Qu'est-ce qu'une bonne entreprise pour un investisseur ? (2/2)

Acheter les actions d'une entreprise, c'est devenir propriétaire d'une partie de son capital et, par extension, d'une partie des profits générés par ce dernier une fois mis au travail dans les opérations (le "business"). Une légitime première question à se poser est donc : s'agit-il d'un bon "business" ? par les analystes de L'Investisseur Français (*).

Nous discutions dans la première partie de cet article d'un concept fondamental : à court-terme (un horizon de quelques années), un business ordinaire peut tout à fait être un investissement parfait (par exemple si on l'achète à une fraction de sa valeur liquidative); mais à plus long-terme, et surtout au bon prix, un business extraordinaire peut être un investissement plus que parfait -- un investissement absolument merveilleux.

Deux indices

Nous le disions, deux indices permettent traditionnellement d'identifier un business extraordinaire : (1) une capacité bénéficiaire éprouvée et durable, (2) doublée de retours sur capitaux élevés.

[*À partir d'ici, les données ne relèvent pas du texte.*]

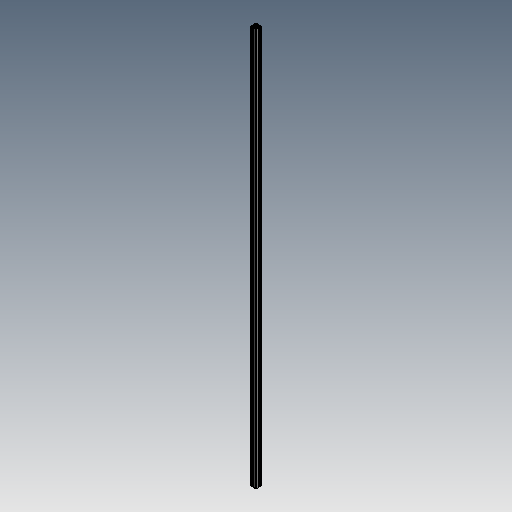
# Autodesk Inventor part: EFS6-3030-2043
Saved by Autodesk Inventor 2020 (Build 240168000, 168)
## iProperties
Part Number: EFS6-3030-2043
Material: 一般
Catalog Web Link: www.cadenas.de
Description: NEFS6-3030, NEFSB6-3030, EFS6-3030, EFSB6-3030, HFS6-3030, HFSB6-3030, CAF6-3030, HFSY6-3030, NFSL6-3030,  HFSL6-3030, HFSLB6-3030, GFS6-3030-HFS6 Series Aluminum Extrusions 30 Square -1 Slot-
Vendor: MISUMI
Document SubType Name: Modeling
Designer: partserver
Manufacturer: MISUMI
Mass: 604.165 g
Surface Area: 6959.94 cm^2
Volume: 604.165 cm^3
Density: 1 g/cm^3
Appearance: PSOLRGB-175-175-175
Category: PARTsolutions
Company: MISUMI
PSOL_IDENT_0: {$CADENAS_DATA\23d-libs\misumi\metric\38_al_extrusions_blackets\6\hfs6_3030.prj},722 {VTYP=3D},{NB=E
PSOL_IDENT_1: FS6-3030-2043},{LINA=EFS6-3030-2043},{NN=NEFS6-3030, NEFSB6-3030, EFS6-3030, EFSB6-3030, HFS6-3030,
PSOL_IDENT_2: HFSB6-3030, CAF6-3030, HFSY6-3030, NFSL6-3030,  HFSL6-3030, HFSLB6-3030, GFS6-3030},{DATE=30.06.2021
PSOL_IDENT_3: 13:36:38},{GEOMDATE=28.10.2014 00:00:00},{VERSION=},{LINEID=150},{WBVAR=L,ALT1,ALT2,ALT3,ALT4,ALT5,
PSOL_IDENT_4: CP5,DL5,DR5,ALT6,ALT9,ALT10,ALT11,DD6SE,DD6,HP6,NHL6,DL6,NHR6,DR6,ALT7,ALT8,NH9,AH,BH,CH,DH,EH,NH10,
PSOL_IDENT_5: AV,BV,CV,DV,EV,NH11,AP,BP,CP,DP,EP,ALT12,ALT13,Z,NH12,XA,XB,XC,XD,XE,NH13,YA,YB,YC,YD,YE,ALT14,HP14,
PSOL_IDENT_6: DL14,DR14,ALT15,HP15,DL15,DR15,ALT16,HP16,DL16,DR16,ALT17,HQ17,JLP,ALT19,ALT20},{WBNUMERIC=L,DD6,NH9
PSOL_IDENT_7: ,AH,BH,CH,DH,EH,NH10,AV,BV,CV,DV,EV,NH11,AP,BP,CP,DP,EP,NH12,XA,XB,XC,XD,XE,NH13,YA,YB,YC,YD,YE,HQ17
PSOL_IDENT_8: ,JLP}  {NB=EFS6-3030-2043},{LINA=EFS6-3030-2043},{KT=DUMMY},{PN=EFS6-3030-2043},{TPS=EFS6-3030},{MAT=
PSOL_IDENT_9: A6N01SS-T5 Aluminum Alloy},{ST=Clear Anodize},{FRMW=30},{FRMH=30},{FRD=6.8},{L=2043.0},{MASS=0.80},{
PSOL_IDENT_10: SA=296},{LX=2.85x10^4},{LY=2.85x10^4},{ALT1=},{M1=0},{IDM1=6.647},{DALT1=4.2},{DPL1=0},{DPR1=0},{ALT
PSOL_IDENT_11: 1PN=},{ALT2=},{ALT2ALG= '','w/o End Tapping (Heli-Coil Insert)','LHP','with LHP (Tapping on the Left
PSOL_IDENT_12: (Heli-Coil Insert))','RHP','with RHP (Tapping on the Right (Heli-Coil Insert))','HPW','with HPW (Ta
PSOL_IDENT_13: pping on Both Ends (Heli-Coil Insert))' },{M2=0},{DP2=0},{ALT2PN=},{ALT3=},{ALT3ALG= '','N/A' },{M3=
PSOL_IDENT_14: 0},{IDM3=4.134},{DP3=0},{ALT3PN=},{ALT4=},{ALT4ALG= '', 'Not applicable' },{ALT4PN=},{ALT5=},{ALT5AL
PSOL_IDENT_15: G= '','w/o 45 Degree Cut','1','with 45 Degree Cut' },{CP5=},{CP5ALG= '','N/A' },{DL5=},{DL5ALG= '','
PSOL_IDENT_16: N/A' },{DR5=},{DR5ALG= '','N/A' },{FRMLALT5=0},{FRMRALT5=0},{ALT5PN=},{ALT6=},{ALT6ALG= '','w/o Fast
PSOL_IDENT_17: ening Location Wrench Access Hole Alterations','1','with Fastening Location Wrench Access Hole Alter
PSOL_IDENT_18: ations' },{ALT9=},{ALT9ALG= '','w/o Location Specified Wrench Access Hole Alteratons (Horizontal)','
PSOL_IDENT_19: 1','with Location Specified Wrench Access Hole Alteratons (Horizontal)' },{ALT10=},{ALT10ALG= '','w/
PSOL_IDENT_20: o Location Specified Wrench Access Hole Alteratons (Vertical)','1','with Location Specified Wrench A
PSOL_IDENT_21: ccess Hole Alteratons (Vertical)' },{ALT11=},{ALT11ALG= '','w/o Location Specified Wrench Access Hol
PSOL_IDENT_22: e Alteratons (Crisscross)','1','with Location Specified Wrench Access Hole Alteratons (Crisscross)'
PSOL_IDENT_23: },{DD6SE=},{DD6SEALG= '','N/A' },{DD6=0},{DD6ALG=0},{HP6=},{HP6ALG= '','N/A' },{NHL6=},{NHL6ALG= '','
PSOL_IDENT_24: N/A' },{DL6=},{DL6ALG= '','N/A' },{NHR6=},{NHR6ALG= '','N/A' },{DR6=},{DR6ALG= '','N/A' },{DD6PN=},{
PSOL_IDENT_25: HL6=0},{HL6D=0},{HR6=0},{HR6D=0},{J6=0},{J6D=0},{K6=0},{K6D=0},{ALT7=},{ALT7ALG= '','N/A' },{ALT8=},
PSOL_IDENT_26: {ALT8ALG= '','N/A' },{ALT678PN=},{NH9=0},{NH9MAX=5},{NH9ALG=[0]},{AH=0.0},{AHMIN=7},{AHMAX=2038},{AH
PSOL_IDENT_27: ALG=[0]},{BH=0.0},{BHMIN=2},{BHMAX=2040},{BHALG=[0]},{CH=0.0},{CHMIN=2},{CHMAX=2042},{CHALG=[0]},{DH=
PSOL_IDENT_28: 0.0},{DHMIN=2},{DHMAX=2044},{DHALG=[0]},{EH=0.0},{EHMIN=2},{EHMAX=2036},{EHALG=[0]},{NH10=0},{NH10MA
PSOL_IDENT_29: X=5},{NH10ALG=[0]},{AV=0.0},{AVMIN=7},{AVMAX=2038},{AVALG=[0]},{BV=0.0},{BVMIN=2},{BVMAX=2040},{BVAL
PSOL_IDENT_30: G=[0]},{CV=0.0},{CVMIN=2},{CVMAX=2042},{CVALG=[0]},{DV=0.0},{DVMIN=2},{DVMAX=2044},{DVALG=[0]},{EV=0
PSOL_IDENT_31: .0},{EVMIN=2},{EVMAX=2036},{EVALG=[0]},{NH11=0},{NH11MAX=5},{NH11ALG=[0]},{AP=0.0},{APMIN=7},{APMAX=
PSOL_IDENT_32: 2038},{APALG=[0]},{BP=0.0},{BPMIN=2},{BPMAX=2040},{BPALG=[0]},{CP=0.0},{CPMIN=2},{CPMAX=2042},{CPALG=
PSOL_IDENT_33: [0]},{DP=0.0},{DPMIN=2},{DPMAX=2044},{DPALG=[0]},{EP=0.0},{EPMIN=2},{EPMAX=2036},{EPALG=[0]},{ALT9PN=
PSOL_IDENT_34: },{ALT10PN=},{ALT11PN=},{ALT91011PN=},{ALT12=},{ALT12ALG= '','w/o Counterbore Hole in Specified Posi
PSOL_IDENT_35: tion (Vertical)','1','with Counterbore Hole in Specified Position (Vertical)' },{ALT13=},{ALT13ALG= ''
PSOL_IDENT_36: ,'w/o Counterbore Hole in Specified Position (Horizontal)','1','with Counterbore Hole in Specified P
PSOL_IDENT_37: osition (Horizontal)' },{Z=},{ZALG= '','N/A' },{DD12=0.0},{DD112=0.0},{NH12=0},{NH12MAX=5},{NH12ALG=
PSOL_IDENT_38: [0]},{XA=0.0},{XAMIN=7},{XAMAX=2038},{XAALG=[0]},{XB=0.0},{XBMIN=2},{XBMAX=2040},{XBALG=[0]},{XC=0.0
PSOL_IDENT_39: },{XCMIN=2},{XCMAX=2042},{XCALG=[0]},{XD=0.0},{XDMIN=2},{XDMAX=2044},{XDALG=[0]},{XE=0.0},{XEMIN=2},
PSOL_IDENT_40: {XEMAX=2036},{XEALG=[0]},{NH13=0},{NH13MAX=5},{NH13ALG=[0]},{YA=0.0},{YAMIN=7},{YAMAX=2038},{YAALG=[
PSOL_IDENT_41: 0]},{YB=0.0},{YBMIN=2},{YBMAX=2040},{YBALG=[0]},{YC=0.0},{YCMIN=2},{YCMAX=2042},{YCALG=[0]},{YD=0.0}
PSOL_IDENT_42: ,{YDMIN=2},{YDMAX=2044},{YDALG=[0]},{YE=0.0},{YEMIN=2},{YEMAX=2036},{YEALG=[0]},{ALT12PN=},{ALT13PN=
PSOL_IDENT_43: },{ALT1213PN=},{ALT14=},{ALT14ALG= '','w/o D Type Hole Alteration','1','with D Type Hole Alteration'
PSOL_IDENT_44: },{HP14=},{HP14ALG= '','N/A' },{DL14=},{DL14ALG= '','N/A' },{DR14=},{DR14ALG= '','N/A' },{H14=0},{D
PSOL_IDENT_45: 14=0.0},{ALT14PN=},{ALT15=},{ALT15ALG= '','w/o S Type Hole Alteration','1','with S Type Hole Alterat
PSOL_IDENT_46: ion' },{HP15=},{HP15ALG= '','N/A' },{DL15=},{DL15ALG= '','N/A' },{DR15=},{DR15ALG= '','N/A' },{H15=0
PSOL_IDENT_47: },{D115=0.0},{D215=0.0},{ALT15PN=},{ALT16=},{ALT16ALG= '','w/o M Type Hole Alteration','1','with M T
PSOL_IDENT_48: ype Hole Alteration' },{HP16=},{HP16ALG= '','N/A' },{DL16=},{DL16ALG= '','N/A' },{DR16=},{DR16ALG= ''
PSOL_IDENT_49: ,'N/A' },{H116=0},{D16=0.0},{ALT16PN=},{ALT17=},{ALT17ALG= '','w/o L Type Hole Alteration (Top)','1'
PSOL_IDENT_50: ,'with L Type Hole Alteration (Top)' },{HQ17=0},{HQ17ALG=0},{JLP=0},{JLPMIN=4.9},{JLPMAX=0},{JLPALG=
PSOL_IDENT_51: [0]},{L17=0},{D17=0.0},{ALT17PN=},{ALT19=},{ALT19ALG= '','N/A' },{M19=0},{DP19=0},{ALT19PN=},{ALT20=
PSOL_IDENT_52: },{ALT20PN=},{ERRORALT01=OK},{ERRORALT02=OK},{ERRORALT03=OK},{ERRORALT05=OK},{ERRORALT06091=OK},{ERR
PSOL_IDENT_53: ORALT06092=OK},{ERRORALT06093=OK},{ERRORALT06094=OK},{ERRORALT06101=OK},{ERRORALT06102=OK},{ERRORALT
PSOL_IDENT_54: 06103=OK},{ERRORALT06104=OK},{ERRORALT06111=OK},{ERRORALT06112=OK},{ERRORALT06113=OK},{ERRORALT06114=
PSOL_IDENT_55: OK},{ERRORALT06121=OK},{ERRORALT06122=OK},{ERRORALT06123=OK},{ERRORALT06124=OK},{ERRORALT06131=OK},{
PSOL_IDENT_56: ERRORALT06132=OK},{ERRORALT06133=OK},{ERRORALT06134=OK},{ERRORALT0614=OK},{ERRORALT0615=OK},{ERRORAL
PSOL_IDENT_57: T0616=OK},{ERRORALT06171=OK},{ERRORALT06172=OK},{ERRORALT06173=OK},{ERRORALT0619=OK},{ERRORALT0911=O
PSOL_IDENT_58: K},{ERRORALT0913=OK},{ERRORALT0914=OK},{ERRORALT0915=OK},{ERRORALT0916=OK},{ERRORALT0917=OK},{ERRORA
PSOL_IDENT_59: LT0919=OK},{ERRORALT1011=OK},{ERRORALT1012=OK},{ERRORALT1014=OK},{ERRORALT1015=OK},{ERRORALT1016=OK}
PSOL_IDENT_60: ,{ERRORALT1017=OK},{ERRORALT1019=OK},{ERRORALT1112=OK},{ERRORALT1113=OK},{ERRORALT1114=OK},{ERRORALT
PSOL_IDENT_61: 1115=OK},{ERRORALT1116=OK},{ERRORALT1117=OK},{ERRORALT1119=OK},{ERRORALT1214=OK},{ERRORALT1215=OK},{
PSOL_IDENT_62: ERRORALT1216=OK},{ERRORALT1217=OK},{ERRORALT1219=OK},{ERRORALT1314=OK},{ERRORALT1315=OK},{ERRORALT13
PSOL_IDENT_63: 16=OK},{ERRORALT1317=OK},{ERRORALT1319=OK},{ERRORALT1415=OK},{ERRORALT1416=OK},{ERRORALT1417=OK},{ER
PSOL_IDENT_64: RORALT1419=OK},{ERRORALT1516=OK},{ERRORALT1517=OK},{ERRORALT1519=OK},{ERRORALT1617=OK},{ERRORALT1619=
PSOL_IDENT_65: OK},{ERRORALT1719=OK},{ERRORPN=}
NB: EFS6-3030-2043
NN: NEFS6-3030, NEFSB6-3030, EFS6-3030, EFSB6-3030, HFS6-3030, HFSB6-3030, CAF6-3030, HFSY6-3030, NFSL6-3030,  HFSL6-3030, HFSLB6-3030, GFS6-3030
NT: HFS6 Series Aluminum Extrusions 30 Square -1 Slot-
NBSYN: $PN.
LINA: EFS6-3030-2043
CATALOG: Misumi
PN: EFS6-3030-2043
TPS: EFS6-3030
MAT: A6N01SS-T5 Aluminum Alloy
ST: Clear Anodize
L: 2043
MASS: 0.80
SA: 296
LX: 2.85x10^4
LY: 2.85x10^4
ALT1: w/o End Tapping
M1: 0
DPL1: 0
DPR1: 0
ALT2: w/o End Tapping (Heli-Coil Insert)
M2: 0
DP2: 0
ALT3: N/A
M3: 0
DP3: 0
ALT4: Not applicable
ALT5: w/o 45 Degree Cut
CP5: N/A
DL5: N/A
DR5: N/A
ALT6: w/o Fastening Location Wrench Access Hole Alterations
ALT9: w/o Location Specified Wrench Access Hole Alteratons (Horizontal)
ALT10: w/o Location Specified Wrench Access Hole Alteratons (Vertical)
ALT11: w/o Location Specified Wrench Access Hole Alteratons (Crisscross)
DD6SE: N/A
DD6: 0
HP6: N/A
NHL6: N/A
DL6: N/A
NHR6: N/A
DR6: N/A
HL6D: 0
HR6D: 0
J6D: 0
K6D: 0
ALT7: N/A
ALT8: N/A
NH9: 0
AH: 0
BH: 0
CH: 0
DH: 0
EH: 0
NH10: 0
AV: 0
BV: 0
CV: 0
DV: 0
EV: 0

Une si heureuse combinaison est rendue possible par l'existence (et l'entretien) d'un avantage concurrentiel majeur -- ce que Warren Buffett a dans son folklorique jargon baptisé un "moat" (en francais : une douve), censée entourer le château fort (le business) et le protéger des concurrents agressifs venus lui disputer des parts de marché.

Trois types distincts

Cet avantage compétitif se décline -- dans la plupart des cas -- selon trois types, distincts et parfois complémentaires.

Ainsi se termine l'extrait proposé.